Harry Ballinger was still around and I met him on painting jury for the art association I think he was about a hundred. His seascape painting book is still a classic. Marshall Joyce still sent watercolors to the shows at the Association. There were also some good retired illustrators around at the time, like John Wentworth and some GI combat artists. My head is spinning, there were so many artists there at that time,Not all were great, but just the energy of so many people painting in such a small town was exciting . Painting was the industry of Rockport. Most or all of these names may mean nothing to you but they are who was around in Rockport at that time. Aldro Hibbard, Anthony Cirino and Lester Stevens, and Carl Peters were more or less recently deceased when I arrived.
There was also an army of retire commercial artists making art in their retirement and top flight amateurs trying to ramp themselves up to professional. Every summer also brought visiting artists from around the country, come to see what Rockport was like. I met a number of artists from around the nation while sitting in my shop.

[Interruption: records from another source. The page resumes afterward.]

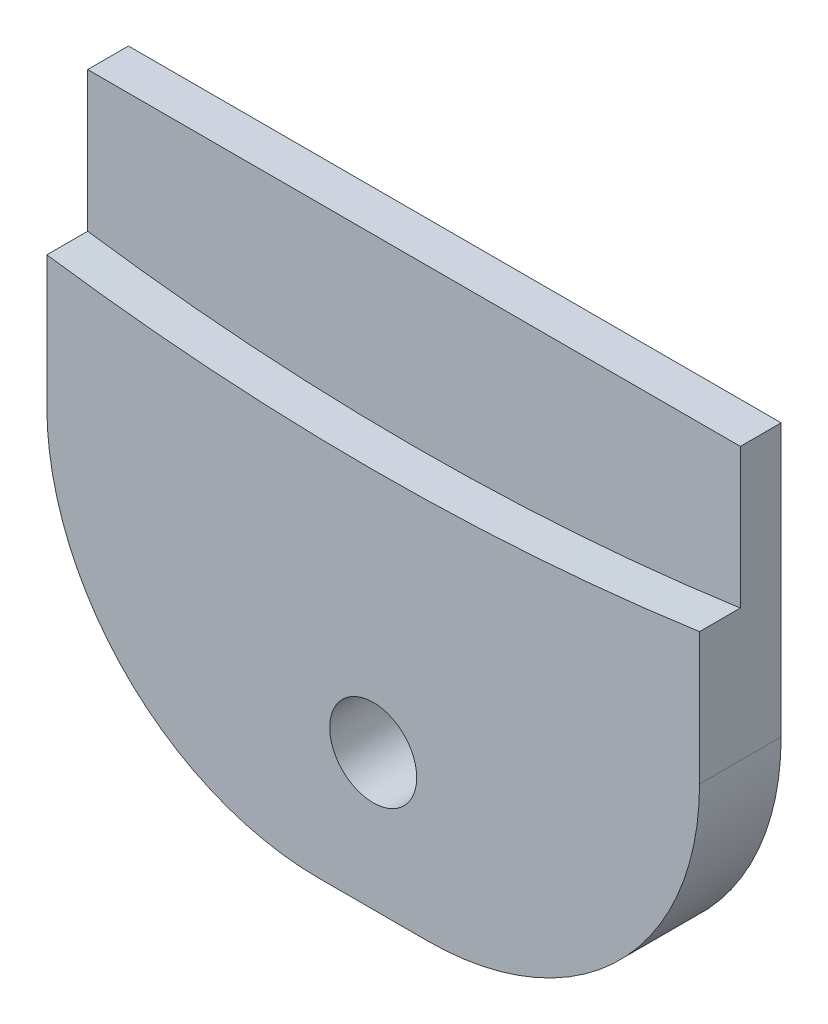
SolidWorks part; units mm, degrees
ref_plane "Front" through (0, 0, 0) normal (0, 0, 1) x (1, 0, 0)
ref_plane "Top" through (0, 0, 0) normal (0, 1, 0) x (1, 0, 0)
ref_plane "Right" through (0, 0, 0) normal (1, 0, 0) x (0, 0, -1)
sketch "Sketch1" plane through (0, 0, 0) normal (0, 0, 1) x (1, 0, 0)
  line L1 (-12, 20) -> (12, 20)
  line L2 (-12, 20) -> (-12, 0)
  line L3 (-12, 0) -> (12, 0)
  line L4 (12, 20) -> (12, 0)
  dimension "D1" = 24
  dimension "D2" = 20
extrude "Boss-Extrude1" add sketch "Sketch1" along normal blind 3
sketch "Sketch3" plane through (0, 0, 3) normal (0, 0, 1) x (1, 0, 0)
  circle A0 centre (0, 5) radius 1.6
  dimension "D1" = 3.2
  dimension "D2" = 5
extrude "Cut-Extrude1" cut sketch "Sketch3" against normal through all
sketch "Sketch2" plane through (0, 0, 3) normal (0, 0, 1) x (1, 0, 0)
  line L0 (12, 0) -> (12, 20) construction
  line L1 (-12, 20) -> (-12, 0) construction
  line L2 (-12, 14) -> (12, 14) construction
  line L3 (-12, 14.8513) -> (-12, 20)
  line L4 (-12, 20) -> (12, 20)
  line L5 (12, 20) -> (12, 14.8513)
  arc A0 (-12, 14.8513) -> (12, 14.8513) centre (0, 99) ccw
  circle A1 centre (0, 5) radius 1.6 construction
  dimension "D1" = 85
  dimension "D2" = 9
extrude "Cut-Extrude2" cut sketch "Sketch2" against normal blind 1.5
fillet "Fillet1" radius 10 2 edges at (-12, 0, 1.5) (12, 0, 1.5)
equation "\"D2@Sketch2\" = 94-85"

I started going on painting trips to Vermont with some of the older guys, Tom Nicholas, John Terelak and Don Mosher I think this might have been a little later. I did paint landscapes a lot with Bruce Turner.
With a few exceptions everyone on the above list is dead. If in 1983 I had made a list of the established Rockport artists I could have listed thirty or more. Today, all but a handful are gone. I guess I should have thought about that coming, then, but I didn't. Many of them could tell stories of painting with Frank Dumnond or studying with Soyer or Brachman at the Art Students League before the second World War. A few knew Gruppe and Hibbard. A few old women had studied with William Merrit Chase. Genevieve Wilhelms, who I hardly knew, hung out with John Sloan and Edward Hopper, I think. Many could describe the art colony during the fifties when it was really full of artists and many of that great first generation were still alive. I should probably write down more of this stuff as it will be lost and forgotten soon.